Economic and political incentives: States are more likely to invest in capacity when:
Economic gains from trade or market development are high.
The demand for public goods, such as defence or welfare, is significant.
Political stability reduces uncertainty, encouraging long-term planning.
Role of wealth and trade: Wealthier countries or those with higher economic gains from trade are more likely to invest in state capacity. This explains the correlation between economic development and institutional quality.
Inclusive vs. extractive institutions: Inclusive political regimes, which represent a broad spectrum of society, tend to prioritize public goods over elite interests, fostering better institutions. Extractive regimes, on the other hand, often underinvest in state capacity to maintain elite dominance.
Case studies and empirical evidence
The authors back their theoretical arguments with historical and empirical examples:
Sweden: Early investments in taxation systems during the 13th century laid the groundwork for its modern welfare state.
Britain: The Glorious Revolution of 1688 ushered in a period of political stability and elite cooperation, enabling significant investments in fiscal and legal capacity. These institutions proved crucial during the Napoleonic Wars and the Industrial Revolution.
United States: The establishment of the IRS during the Civil War exemplifies how crises can drive institutional innovation.

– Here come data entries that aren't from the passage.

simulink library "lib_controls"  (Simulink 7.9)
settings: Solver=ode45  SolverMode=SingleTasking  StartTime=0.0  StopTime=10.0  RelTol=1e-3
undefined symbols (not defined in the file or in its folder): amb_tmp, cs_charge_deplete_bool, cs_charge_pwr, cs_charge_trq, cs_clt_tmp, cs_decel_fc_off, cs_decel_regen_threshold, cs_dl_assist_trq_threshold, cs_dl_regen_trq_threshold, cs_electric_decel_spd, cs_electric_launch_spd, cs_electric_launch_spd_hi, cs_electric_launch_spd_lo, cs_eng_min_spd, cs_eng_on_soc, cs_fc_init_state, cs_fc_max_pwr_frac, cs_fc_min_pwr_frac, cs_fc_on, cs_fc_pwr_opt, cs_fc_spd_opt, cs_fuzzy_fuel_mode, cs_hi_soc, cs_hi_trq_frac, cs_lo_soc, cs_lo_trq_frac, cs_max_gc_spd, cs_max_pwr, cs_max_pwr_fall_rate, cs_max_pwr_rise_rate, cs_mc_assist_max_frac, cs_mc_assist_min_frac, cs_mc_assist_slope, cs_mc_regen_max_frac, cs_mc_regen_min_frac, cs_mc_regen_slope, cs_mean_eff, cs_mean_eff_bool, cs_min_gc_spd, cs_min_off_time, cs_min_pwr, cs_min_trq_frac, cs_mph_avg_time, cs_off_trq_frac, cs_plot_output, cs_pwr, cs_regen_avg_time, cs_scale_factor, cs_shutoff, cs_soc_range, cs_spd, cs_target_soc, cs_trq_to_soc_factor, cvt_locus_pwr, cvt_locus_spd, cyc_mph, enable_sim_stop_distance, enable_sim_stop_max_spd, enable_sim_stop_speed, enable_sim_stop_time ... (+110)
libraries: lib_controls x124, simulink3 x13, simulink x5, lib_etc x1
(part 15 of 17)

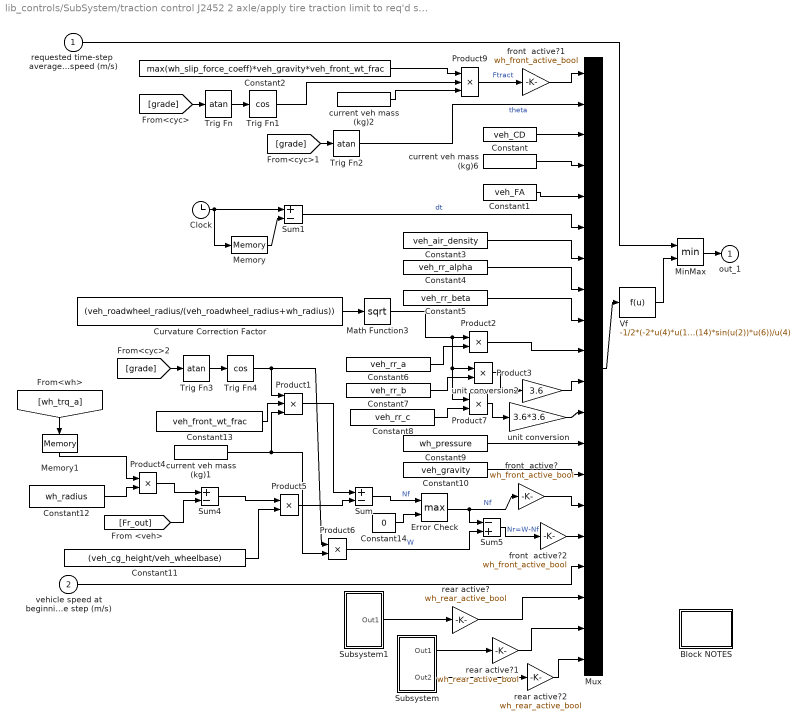
== system lib_controls/SubSystem/traction control J2452 2 axle/apply tire traction limit to req'd speed (m/s) ==
  "requested time-step  average vehicle speed (m/s) " : Inport
  vehicle speed at beginning of time step (m/s) : Inport  Port=2
  Block NOTES : Subsystem
      mask Display: disp('Block\nNOTES')
  Clock : Clock
  Constant : Constant  Value=veh_CD
  Constant1 : Constant  Value=veh_FA
  Constant10 : Constant  Value=veh_gravity
  Constant11 : Constant  Value=(veh_cg_height/veh_wheelbase)
  Constant12 : Constant  Value=wh_radius
  Constant13 : Constant  Value=veh_front_wt_frac
  Constant14 : Constant  Value=0
  Constant2 : Constant  Value=max(wh_slip_force_coeff)*veh_gravity*veh_front_wt_frac
  Constant3 : Constant  Value=veh_air_density
  Constant4 : Constant  Value=veh_rr_alpha
  Constant5 : Constant  Value=veh_rr_beta
  Constant6 : Constant  Value=veh_rr_a
  Constant7 : Constant  Value=veh_rr_b
  Constant8 : Constant  Value=veh_rr_c
  Constant9 : Constant  Value=wh_pressure
  Curvature Correction Factor : Constant  Value=(veh_roadwheel_radius/(veh_roadwheel_radius+wh_radius))  VectorParams1D=off
  Error Check : MinMax  Function=max  Inputs=2  SaturateOnIntegerOverflow=on  InputSameDT=on
  Math Function3 : Math  Operator=sqrt  SaturateOnIntegerOverflow=on
  Memory : Memory  X0=-0.1
  Memory1 : Memory  X0=-0.1
  MinMax : MinMax  Inputs=2  SaturateOnIntegerOverflow=on  InputSameDT=on
  Mux : Mux  Inputs=20
  Product1 : Product  Inputs=3  SaturateOnIntegerOverflow=on  RndMeth=Zero  InputSameDT=on  OutDataTypeStr=Inherit: Same as first input
  Product{2..7} (6 alike) : Product  SaturateOnIntegerOverflow=on  RndMeth=Zero  InputSameDT=on  OutDataTypeStr=Inherit: Same as first input
  Product9 : Product  Inputs=3  SaturateOnIntegerOverflow=on  RndMeth=Zero  InputSameDT=on  OutDataTypeStr=Inherit: Same as first input
  Subsystem : Subsystem
  Subsystem1 : Subsystem
  Sum : Sum  Inputs=+-  SaturateOnIntegerOverflow=on  InputSameDT=on  OutDataTypeStr=Inherit: Same as first input
  Sum1 : Sum  Inputs=+-  SaturateOnIntegerOverflow=on  InputSameDT=on  OutDataTypeStr=Inherit: Same as first input
  Sum4 : Sum  Inputs=+-  SaturateOnIntegerOverflow=on  InputSameDT=on  OutDataTypeStr=Inherit: Same as first input
  Sum5 : Sum  Inputs=-+  SaturateOnIntegerOverflow=on  InputSameDT=on  OutDataTypeStr=Inherit: Same as first input
  Trig Fn : Trigonometry  Operator=atan
  Trig Fn1 : Trigonometry  Operator=cos
  Trig Fn2 : Trigonometry  Operator=atan
  Trig Fn3 : Trigonometry  Operator=atan
  Trig Fn4 : Trigonometry  Operator=cos
  Vf : Fcn  Expr=-1/2*(-2*u(4)*u(17)-2*u(1)*u(6)-2*u(18)*u(6)+4*u(13)^u(8)*u(6)*(1/2*u(15))^u(9)*u(10)+4*u(13)^u(8)*u(6)*(1/2*u(19))^u(9)*u(10)+4*u(13)^u(8)*u(6)*(1/2*u(15))^u(9)*u(11)*u(17)+4*u(13)^u(8)*u(6)*(1/2*u(19))^u(9)*u(11)*u(17)+4*u(13)^u(8)*u(6)*(1/2*u(15))^u(9)*u(12)*u(17)^2+4*u(13)^u(8)*u(6)*(1/2*u(19))^u(9)*u(12)*u(17)^2+4*u(13)^u(8)*u(6)*(1/2*u(16))^u(9)*u(10)+4*u(13)^u(8)*u(6)*(1/2*u(20))^u(9)*u(10)+4*u(13)^u(8)*u(6)*(1/2*u(16))^u(9)*u(11)*u(17)+4*u(13)^u(8)*u(6)*(1/2*u(20))^u(9)*u(11)*u(17)+4*u(13)^u(8)*u(6)*(1/2*u(16))^u(9)*u(12)*u(17)^2+4*u(13)^u(8)*u(6)*(1/2*u(20))^u(9)*u(12)*u(17)^2+u(7)*u(3)*u(5)*u(17)^2*u(6)+2*u(4)*u(14)*sin(u(2))*u(6))/u(4)
  current veh mass (kg)1 : lib_controls/SubSystem/current veh mass (kg)
      settings: RTWFcnNameOpts=Auto  RTWFileNameOpts=Auto
  current veh mass (kg)2 : lib_controls/SubSystem/current veh mass (kg)
      settings: RTWFcnNameOpts=Auto  RTWFileNameOpts=Auto
  current veh mass (kg)6 : lib_controls/SubSystem/current veh mass (kg)
      settings: RTWFcnNameOpts=Auto  RTWFileNameOpts=Auto
  front  active? : Gain  Gain=wh_front_active_bool  SaturateOnIntegerOverflow=on  OutDataTypeStr=Inherit: Same as input  ParamDataTypeStr=Inherit: Same as input
  front  active?1 : Gain  Gain=wh_front_active_bool  SaturateOnIntegerOverflow=on  OutDataTypeStr=Inherit: Same as input  ParamDataTypeStr=Inherit: Same as input
  front  active?2 : Gain  Gain=wh_front_active_bool  SaturateOnIntegerOverflow=on  OutDataTypeStr=Inherit: Same as input  ParamDataTypeStr=Inherit: Same as input
  rear active? : Gain  Gain=wh_rear_active_bool  SaturateOnIntegerOverflow=on  OutDataTypeStr=Inherit: Same as input  ParamDataTypeStr=Inherit: Same as input
  rear active?1 : Gain  Gain=wh_rear_active_bool  SaturateOnIntegerOverflow=on  OutDataTypeStr=Inherit: Same as input  ParamDataTypeStr=Inherit: Same as input
  rear active?2 : Gain  Gain=wh_rear_active_bool  SaturateOnIntegerOverflow=on  OutDataTypeStr=Inherit: Same as input  ParamDataTypeStr=Inherit: Same as input
  unit conversion : Gain  Gain=3.6*3.6  SaturateOnIntegerOverflow=on  OutDataTypeStr=Inherit: Same as input  ParamDataTypeStr=Inherit: Same as input
  unit conversion2 : Gain  Gain=3.6  SaturateOnIntegerOverflow=on  OutDataTypeStr=Inherit: Same as input  ParamDataTypeStr=Inherit: Same as input
  out_1 : Outport  InitialOutput=0
  wires:
  Product7/1 -> unit conversion/1
  Constant8/1 -> Product7/2
  Product3/1 -> unit conversion2/1
  Constant7/1 -> Product3/2
  Product2/1 -> Mux/10
  Constant6/1 -> Product2/2
  Math Function3/1 -> Product7/1, Product3/1, Product2/1
  Curvature Correction Factor/1 -> Math Function3/1
  unit conversion/1 -> Mux/12
  unit conversion2/1 -> Mux/11
  Error Check/1 -> Sum5/1, front  active?/1  "Nf"
  Constant14/1 -> Error Check/2
  Sum/1 -> Error Check/1  "Nf"
  Sum5/1 -> front  active?2/1  "Nr=W-Nf"
  Product6/1 -> Sum5/2  "W"
  Memory1/1 -> Product4/1
  [wh_trq_a] -> Memory1/1
  vehicle speed at beginning of time step (m/s)/1 -> Mux/17
  current veh mass (kg)1/1 -> Product6/2, Product1/3
  Constant13/1 -> Product1/2
  Trig Fn4/1 -> Product6/1, Product1/1
  Trig Fn3/1 -> Trig Fn4/1
  [grade] -> Trig Fn3/1
  Constant10/1 -> Mux/14
  Constant9/1 -> Mux/13
  Constant5/1 -> Mux/9
  Constant4/1 -> Mux/8
  Constant3/1 -> Mux/7
  Constant1/1 -> Mux/5
  current veh mass (kg)6/1 -> Mux/4
  Constant/1 -> Mux/3
  Mux/1 -> Vf/1
  Trig Fn1/1 -> Product9/2
  current veh mass (kg)2/1 -> Product9/3
  "requested time-step  average vehicle speed (m/s) "/1 -> MinMax/1
  Constant2/1 -> Product9/1
  Trig Fn/1 -> Trig Fn1/1
  [grade] -> Trig Fn/1
  Product9/1 -> front  active?1/1  "Ftract"
  Sum1/1 -> Mux/6  "dt"
  Clock/1 -> Memory/1, Sum1/1
  Memory/1 -> Sum1/2
  [grade] -> Trig Fn2/1
  Trig Fn2/1 -> Mux/2  "theta"
  Product1/1 -> Sum/1
  MinMax/1 -> out_1/1
  Constant12/1 -> Product4/2
  Product4/1 -> Sum4/1
  [Fr_out] -> Sum4/2
  Sum4/1 -> Product5/1
  Constant11/1 -> Product5/2
  Product5/1 -> Sum/2
  Vf/1 -> MinMax/2
  Subsystem1/1(Out1) -> rear active?/1
  Subsystem/1(Out1) -> rear active?1/1
  Subsystem/2(Out2) -> rear active?2/1
  front  active?1/1 -> Mux/1
  front  active?/1 -> Mux/15
  front  active?2/1 -> Mux/16
  rear active?/1 -> Mux/18
  rear active?2/1 -> Mux/20
  rear active?1/1 -> Mux/19

== system lib_controls/electric assist control strategy bal <cs>/SOC corrected  trq req'd (N*m)/SOC  Correction  Factor ==
  note: Depending in the location of the manual
      | switches the correction factor will either
      | be a linear, quad, or cubic function within the
      | specified range
  SOC : Inport
  high soc : Inport  Port=2
  low soc : Inport  Port=3
  0.5*range : Gain  Gain=0.5  SaturateOnIntegerOverflow=on  OutDataTypeStr=Inherit: Same as input  ParamDataTypeStr=Inherit: Same as input
  Constant3 : Constant  Value=3
  Constant4 : Constant  Value=2
  Manual  Switch1 : simulink3/Nonlinear/Manual Switch  sw=0  action=0
  Manual Switch : simulink3/Nonlinear/Manual Switch  sw=1  action=0
  Math Function : Math  Operator=pow  SaturateOnIntegerOverflow=on
  Math Function1 : Math  Operator=pow  SaturateOnIntegerOverflow=on
  Multiplier6 : Product  Inputs=*/  SaturateOnIntegerOverflow=on  RndMeth=Zero  InputSameDT=on  OutDataTypeStr=Inherit: Same as first input
  Multiplier7 : Product  SaturateOnIntegerOverflow=on  RndMeth=Zero  InputSameDT=on  OutDataTypeStr=Inherit: Same as first input
  Sign : Signum
  Sum11 : Sum  Inputs=-+  SaturateOnIntegerOverflow=on  InputSameDT=on  OutDataTypeStr=Inherit: Same as first input
  Sum12 : Sum  SaturateOnIntegerOverflow=on  InputSameDT=on  OutDataTypeStr=Inherit: Same as first input
  Sum14 : Sum  Inputs=+-  SaturateOnIntegerOverflow=on  InputSameDT=on  OutDataTypeStr=Inherit: Same as first input
  mean : Gain  Gain=0.5  SaturateOnIntegerOverflow=on  OutDataTypeStr=Inherit: Same as input  ParamDataTypeStr=Inherit: Same as input
  SOC  correction  factor : Outport  InitialOutput=0
  wires:
  Multiplier7/1 -> Manual  Switch1/2
  Sign/1 -> Multiplier7/1
  Math Function1/1 -> Multiplier7/2
  Manual  Switch1/1 -> SOC  correction  factor/1
  Manual Switch/1 -> Manual  Switch1/1
  Multiplier6/1 -> Math Function1/1, Sign/1, Manual Switch/1, Math Function/1
  Constant4/1 -> Math Function1/2
  Math Function/1 -> Manual Switch/2
  Constant3/1 -> Math Function/2
  0.5*range/1 -> Multiplier6/2
  Sum11/1 -> Multiplier6/1
  low soc/1 -> Sum14/2, Sum12/2
  high soc/1 -> Sum14/1, Sum12/1
  Sum14/1 -> 0.5*range/1
  Sum12/1 -> mean/1
  mean/1 -> Sum11/2
  SOC/1 -> Sum11/1

== system lib_controls/electric assist control strategy bal <cs>/SOC corrected  trq req'd (N*m)/max trq  and  trq frac ==
  trq req : Inport
  spd req : Inport  Port=2
  Constant : Constant  Value=eps
  Multiplier3 : Product  Inputs=*/  SaturateOnIntegerOverflow=on  RndMeth=Zero  InputSameDT=on  OutDataTypeStr=Inherit: Same as first input
  Saturation4 : Saturate  UpperLimit=inf  LowerLimit=0
  Saturation7 : Saturate  UpperLimit=1  LowerLimit=0
  Sum8 : Sum  Inputs=2  SaturateOnIntegerOverflow=on  InputSameDT=on  OutDataTypeStr=Inherit: Same as first input
  max_torque  lookup : Lookup  InputValues=fc_map_spd*fc_spd_scale  Table=fc_max_trq*fc_trq_scale  SaturateOnIntegerOverflow=on
  max trq : Outport  InitialOutput=0
  trq frac : Outport  Port=2  InitialOutput=0
  wires:
  Saturation7/1 -> trq frac/1
  spd req/1 -> max_torque  lookup/1
  Saturation4/1 -> max trq/1, Sum8/1
  max_torque  lookup/1 -> Saturation4/1
  Constant/1 -> Sum8/2
  Sum8/1 -> Multiplier3/2
  Multiplier3/1 -> Saturation7/1
  trq req/1 -> Multiplier3/1

== system lib_controls/electric assist control strategy bal <cs>/SOC corrected  trq req'd (N*m)/trq  Correction  Factor ==
  note: Depending in the location of the manual
      | switches the correction factor will either
      | be a linear, quad, or cubic function within the
      | specified range
  trq : Inport
  high trq : Inport  Port=2
  low trq : Inport  Port=3
  0.5*range : Gain  Gain=0.5  SaturateOnIntegerOverflow=on  OutDataTypeStr=Inherit: Same as input  ParamDataTypeStr=Inherit: Same as input
  Constant3 : Constant  Value=3
  Constant4 : Constant  Value=2
  Manual Switch : simulink3/Nonlinear/Manual Switch  sw=1  action=0
  Manual Switch1 : simulink3/Nonlinear/Manual Switch  sw=0  action=0
  Math Function : Math  Operator=pow  SaturateOnIntegerOverflow=on
  Math Function1 : Math  Operator=pow  SaturateOnIntegerOverflow=on
  Multiplier6 : Product  Inputs=*/  SaturateOnIntegerOverflow=on  RndMeth=Zero  InputSameDT=on  OutDataTypeStr=Inherit: Same as first input
  Multiplier7 : Product  SaturateOnIntegerOverflow=on  RndMeth=Zero  InputSameDT=on  OutDataTypeStr=Inherit: Same as first input
  Sign : Signum
  Sum11 : Sum  Inputs=-+  SaturateOnIntegerOverflow=on  InputSameDT=on  OutDataTypeStr=Inherit: Same as first input
  Sum12 : Sum  SaturateOnIntegerOverflow=on  InputSameDT=on  OutDataTypeStr=Inherit: Same as first input
  Sum14 : Sum  Inputs=+-  SaturateOnIntegerOverflow=on  InputSameDT=on  OutDataTypeStr=Inherit: Same as first input
  mean : Gain  Gain=0.5  SaturateOnIntegerOverflow=on  OutDataTypeStr=Inherit: Same as input  ParamDataTypeStr=Inherit: Same as input
  trq  correction  factor : Outport  InitialOutput=0
  wires:
  Multiplier7/1 -> Manual Switch1/2
  Sign/1 -> Multiplier7/1
  Math Function1/1 -> Multiplier7/2
  Manual Switch1/1 -> trq  correction  factor/1
  Manual Switch/1 -> Manual Switch1/1
  Multiplier6/1 -> Math Function1/1, Sign/1, Manual Switch/1, Math Function/1
  Constant4/1 -> Math Function1/2
  Math Function/1 -> Manual Switch/2
  Constant3/1 -> Math Function/2
  0.5*range/1 -> Multiplier6/2
  Sum11/1 -> Multiplier6/1
  low trq/1 -> Sum14/2, Sum12/2
  high trq/1 -> Sum14/1, Sum12/1
  Sum14/1 -> 0.5*range/1
  Sum12/1 -> mean/1
  mean/1 -> Sum11/2
  trq/1 -> Sum11/1

== system lib_controls/electric assist control strategy  CVT <cs>/FC trq and spd/Block NOTES ==
  note: In modes 1 and 2 engine is off and trq req is zero
      | In mode 3 a charge pwr is added to the pwr req and the spd
      | and trq are then determined based on modified pwr
      | In Mode 4 the trq is determined by fc IOL

== system lib_controls/electric assist control strategy  CVT <cs>/FC trq and spd/Speed Interp ==
  Mode : Inport
  pwr req : Inport  Port=2
  Multiport Switch : MultiPortSwitch  Inputs=4  zeroidx=off  SaturateOnIntegerOverflow=on  InputSameDT=on
  Saturation3 : Saturate  UpperLimit=max(ptc_fc_mc_iol_pwr_vec)  LowerLimit=min(ptc_fc_mc_iol_pwr_vec)
  Saturation6 : Saturate  UpperLimit=max(ptc_mc_iol_pwr_vec)  LowerLimit=min(ptc_mc_iol_pwr_vec)
  Saturation7 : Saturate  UpperLimit=max(ptc_fc_iol_pwr_vec)  LowerLimit=min(ptc_fc_iol_pwr_vec)
  Saturation8 : Saturate  UpperLimit=max(ptc_mc_gen_iol_pwr_vec)  LowerLimit=min(ptc_mc_gen_iol_pwr_vec)
  desired engine spd engine and motor : Lookup  InputValues=ptc_fc_mc_iol_pwr_vec  Table=ptc_fc_mc_iol_spd_vec  SaturateOnIntegerOverflow=on
  desired engine spd engine only : Lookup  InputValues=ptc_fc_iol_pwr_vec  Table=ptc_fc_iol_spd_vec  SaturateOnIntegerOverflow=on
  desired motor spd motor only : Lookup  InputValues=ptc_mc_iol_pwr_vec  Table=ptc_mc_iol_spd_vec  SaturateOnIntegerOverflow=on
  desired motor spd motor only regen : Lookup  InputValues=fliplr(ptc_mc_gen_iol_pwr_vec)  Table=fliplr(ptc_mc_gen_iol_spd_vec)  SaturateOnIntegerOverflow=on
  input spd : Outport
  wires:
  Saturation6/1 -> desired motor spd motor only/1
  Saturation8/1 -> desired motor spd motor only regen/1
  Saturation7/1 -> desired engine spd engine only/1
  Saturation3/1 -> desired engine spd engine and motor/1
  Multiport Switch/1 -> input spd/1
  Mode/1 -> Multiport Switch/1
  pwr req/1 -> Saturation3/1, Saturation7/1, Saturation6/1, Saturation8/1
  desired motor spd motor only regen/1 -> Multiport Switch/2
  desired motor spd motor only/1 -> Multiport Switch/3
  desired engine spd engine only/1 -> Multiport Switch/4
  desired engine spd engine and motor/1 -> Multiport Switch/5

== system lib_controls/electric assist control strategy  CVT <cs>/FC trq and spd/chg pwr req'd (W) ==
  Constant : Constant  Value=cs_charge_pwr*fc_trq_scale
  Goal : Constant  Value=(cs_lo_soc+cs_hi_soc)/2
  Product : Product  SaturateOnIntegerOverflow=on  RndMeth=Zero  InputSameDT=on  OutDataTypeStr=Inherit: Same as first input
  Product1 : Product  Inputs=*/  SaturateOnIntegerOverflow=on  RndMeth=Zero  InputSameDT=on  OutDataTypeStr=Inherit: Same as first input
  Range : Constant  Value=(cs_hi_soc-cs_lo_soc)/2
  Saturation : Saturate  UpperLimit=inf  LowerLimit=-inf
  Sum : Sum  Inputs=-+  SaturateOnIntegerOverflow=on  InputSameDT=on  OutDataTypeStr=Inherit: Same as first input
  add'l pwr req'd (W) : Outport
  wires:
  [SOC] -> Sum/1
  Goal/1 -> Sum/2
  Range/1 -> Product1/2
  Sum/1 -> Product1/1
  Product1/1 -> Product/2
  Constant/1 -> Product/1
  Product/1 -> Saturation/1
  Saturation/1 -> add'l pwr req'd (W)/1

== system lib_controls/electric assist control strategy  CVT <cs>/FC trq and spd/old engine spin up ==
  In1 : Inport
  In2 : Inport  Port=2
  Constant6 : Constant  Value=0
  Constant7 : Constant  Value=eps
  Gain : Gain  Gain=.5  SaturateOnIntegerOverflow=on  OutDataTypeStr=Inherit: Same as input  ParamDataTypeStr=Inherit: Same as input
  Logical Operator : Logic
  Logical Operator1 : Logic  Operator=NOT  Inputs=1
  Memory : Memory
  Relational Operator : RelationalOperator  Operator=>  InputSameDT=on
  Switch2 : Switch  Threshold=eps  SaturateOnIntegerOverflow=on  InputSameDT=on
  Switch3 : Switch  Threshold=eps  SaturateOnIntegerOverflow=on  InputSameDT=on
  Terminator : Terminator
  wires:
  In2/1 -> Switch2/2
  Switch3/1 -> Terminator/1
  Constant6/1 -> Switch2/3
  Logical Operator/1 -> Switch3/2
  Constant7/1 -> Relational Operator/2
  Memory/1 -> Logical Operator1/1
  Relational Operator/1 -> Logical Operator/1, Memory/1
  Logical Operator1/1 -> Logical Operator/2
  Switch2/1 -> Relational Operator/1, Gain/1, Switch3/3
  Gain/1 -> Switch3/1
  In1/1 -> Switch2/1

== system lib_controls/fuel cell adaptive <cs>/Delta SOC expected from regen/Subsystem ==
  in_1 : Inport
  1/average time : Constant  Value=1/n
  Integrator : Integrator
  Product : Product  SaturateOnIntegerOverflow=on  RndMeth=Zero  InputSameDT=on  OutDataTypeStr=Inherit: Same as first input
  Sum : Sum  Inputs=+-  SaturateOnIntegerOverflow=on  InputSameDT=on  OutDataTypeStr=Inherit: Same as first input
  Transport Delay : TransportDelay  DelayTime=n
  out_1 : Outport  InitialOutput=0
  wires:
  1/average time/1 -> Product/2
  Product/1 -> out_1/1
  in_1/1 -> Integrator/1
  Sum/1 -> Product/1
  Transport Delay/1 -> Sum/2
  Integrator/1 -> Transport Delay/1, Sum/1

== system lib_controls/fuel cell control strategy <cs>/FC on/Subsystem ==
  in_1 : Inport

Cross-country data further support the model’s predictions, showing positive correlations between taxation, financial development, and economic growth.
Policy implications
For policymakers, the paper offers several actionable insights:
Invest in complementary capacities: Strengthening both legal and fiscal systems yields the greatest long-term benefits.
Focus on public goods: Prioritizing common-interest goods, such as education or infrastructure, can create the political consensus needed for institutional reforms.
Address political constraints: Successful reforms must align with the interests of political elites while ensuring inclusivity and minority representation.
Conclusion: Building Better States
Besley and Persson’s work is a landmark contribution to our understanding of state capacity. By integrating economic and political factors into a unified framework, they offer a nuanced perspective on why states succeed or fail in building robust institutions. Their findings underscore that state-building is not just a technical challenge but also a deeply political one.
For nations striving to strengthen governance and promote development, this paper serves as both a diagnostic tool and a guide. By addressing political constraints and investing strategically in legal and fiscal systems, states can lay the foundation for sustained growth and stability. This approach is particularly relevant in today’s world, where the challenges of inequality, polarization, and global crises demand stronger and more resilient institutions.